__SOURCE INFORMATION__

□ □ □

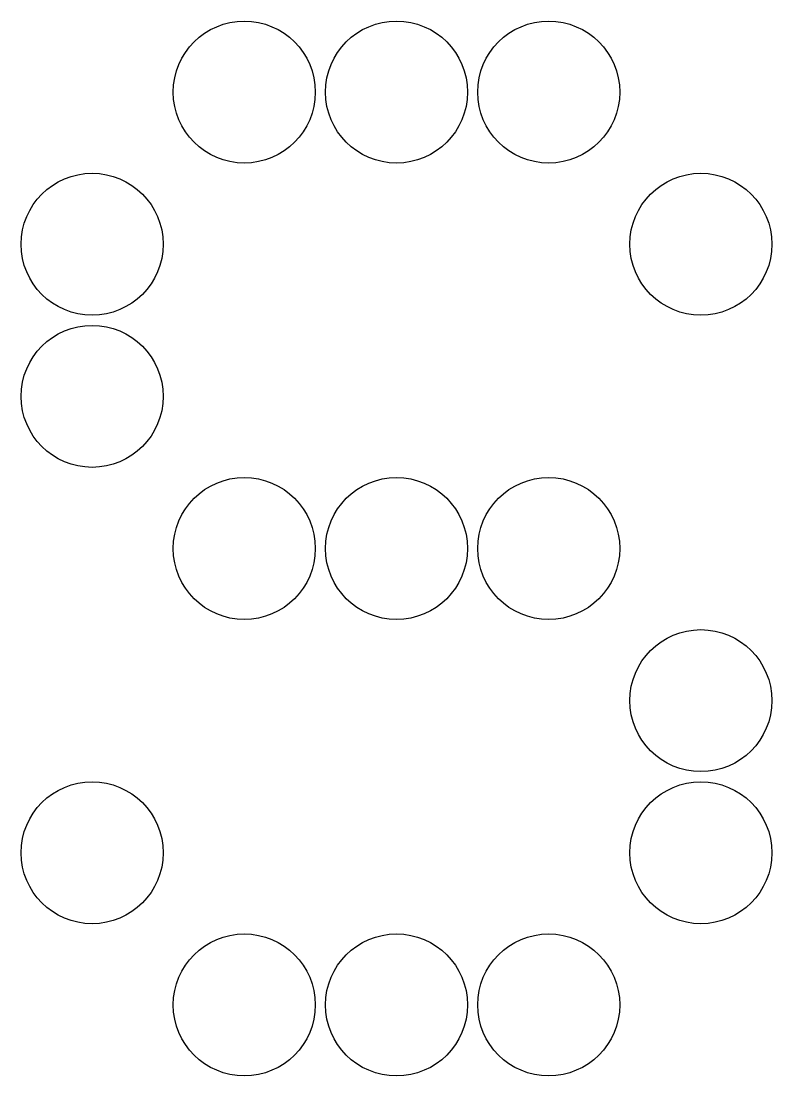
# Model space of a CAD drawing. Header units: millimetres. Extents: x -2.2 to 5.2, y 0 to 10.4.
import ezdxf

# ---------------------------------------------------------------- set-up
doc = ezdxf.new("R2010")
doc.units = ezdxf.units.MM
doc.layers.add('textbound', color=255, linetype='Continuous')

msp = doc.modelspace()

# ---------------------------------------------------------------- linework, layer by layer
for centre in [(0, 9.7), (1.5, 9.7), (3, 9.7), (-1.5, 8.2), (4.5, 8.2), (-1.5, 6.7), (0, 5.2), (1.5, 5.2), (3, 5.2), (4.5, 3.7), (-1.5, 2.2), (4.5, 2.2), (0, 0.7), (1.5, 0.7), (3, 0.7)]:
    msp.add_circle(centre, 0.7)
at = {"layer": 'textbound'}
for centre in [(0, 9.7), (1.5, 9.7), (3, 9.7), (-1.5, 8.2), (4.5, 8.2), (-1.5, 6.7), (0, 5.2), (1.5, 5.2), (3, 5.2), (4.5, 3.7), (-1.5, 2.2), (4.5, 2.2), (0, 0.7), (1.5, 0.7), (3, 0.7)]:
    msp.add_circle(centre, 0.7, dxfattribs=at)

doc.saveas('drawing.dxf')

□ □ □

__PROBLEM STATEMENT__
Output every entry above exactly as written, but omit the pictures.

__YOUR SOLUTION__
# Model space of a CAD drawing. Header units: millimetres. Extents: x -2.2 to 5.2, y 0 to 10.4.
import ezdxf

# ---------------------------------------------------------------- set-up
doc = ezdxf.new("R2010")
doc.units = ezdxf.units.MM
doc.layers.add('textbound', color=255, linetype='Continuous')

msp = doc.modelspace()

# ---------------------------------------------------------------- linework, layer by layer
for centre in [(0, 9.7), (1.5, 9.7), (3, 9.7), (-1.5, 8.2), (4.5, 8.2), (-1.5, 6.7), (0, 5.2), (1.5, 5.2), (3, 5.2), (4.5, 3.7), (-1.5, 2.2), (4.5, 2.2), (0, 0.7), (1.5, 0.7), (3, 0.7)]:
    msp.add_circle(centre, 0.7)
at = {"layer": 'textbound'}
for centre in [(0, 9.7), (1.5, 9.7), (3, 9.7), (-1.5, 8.2), (4.5, 8.2), (-1.5, 6.7), (0, 5.2), (1.5, 5.2), (3, 5.2), (4.5, 3.7), (-1.5, 2.2), (4.5, 2.2), (0, 0.7), (1.5, 0.7), (3, 0.7)]:
    msp.add_circle(centre, 0.7, dxfattribs=at)

doc.saveas('drawing.dxf')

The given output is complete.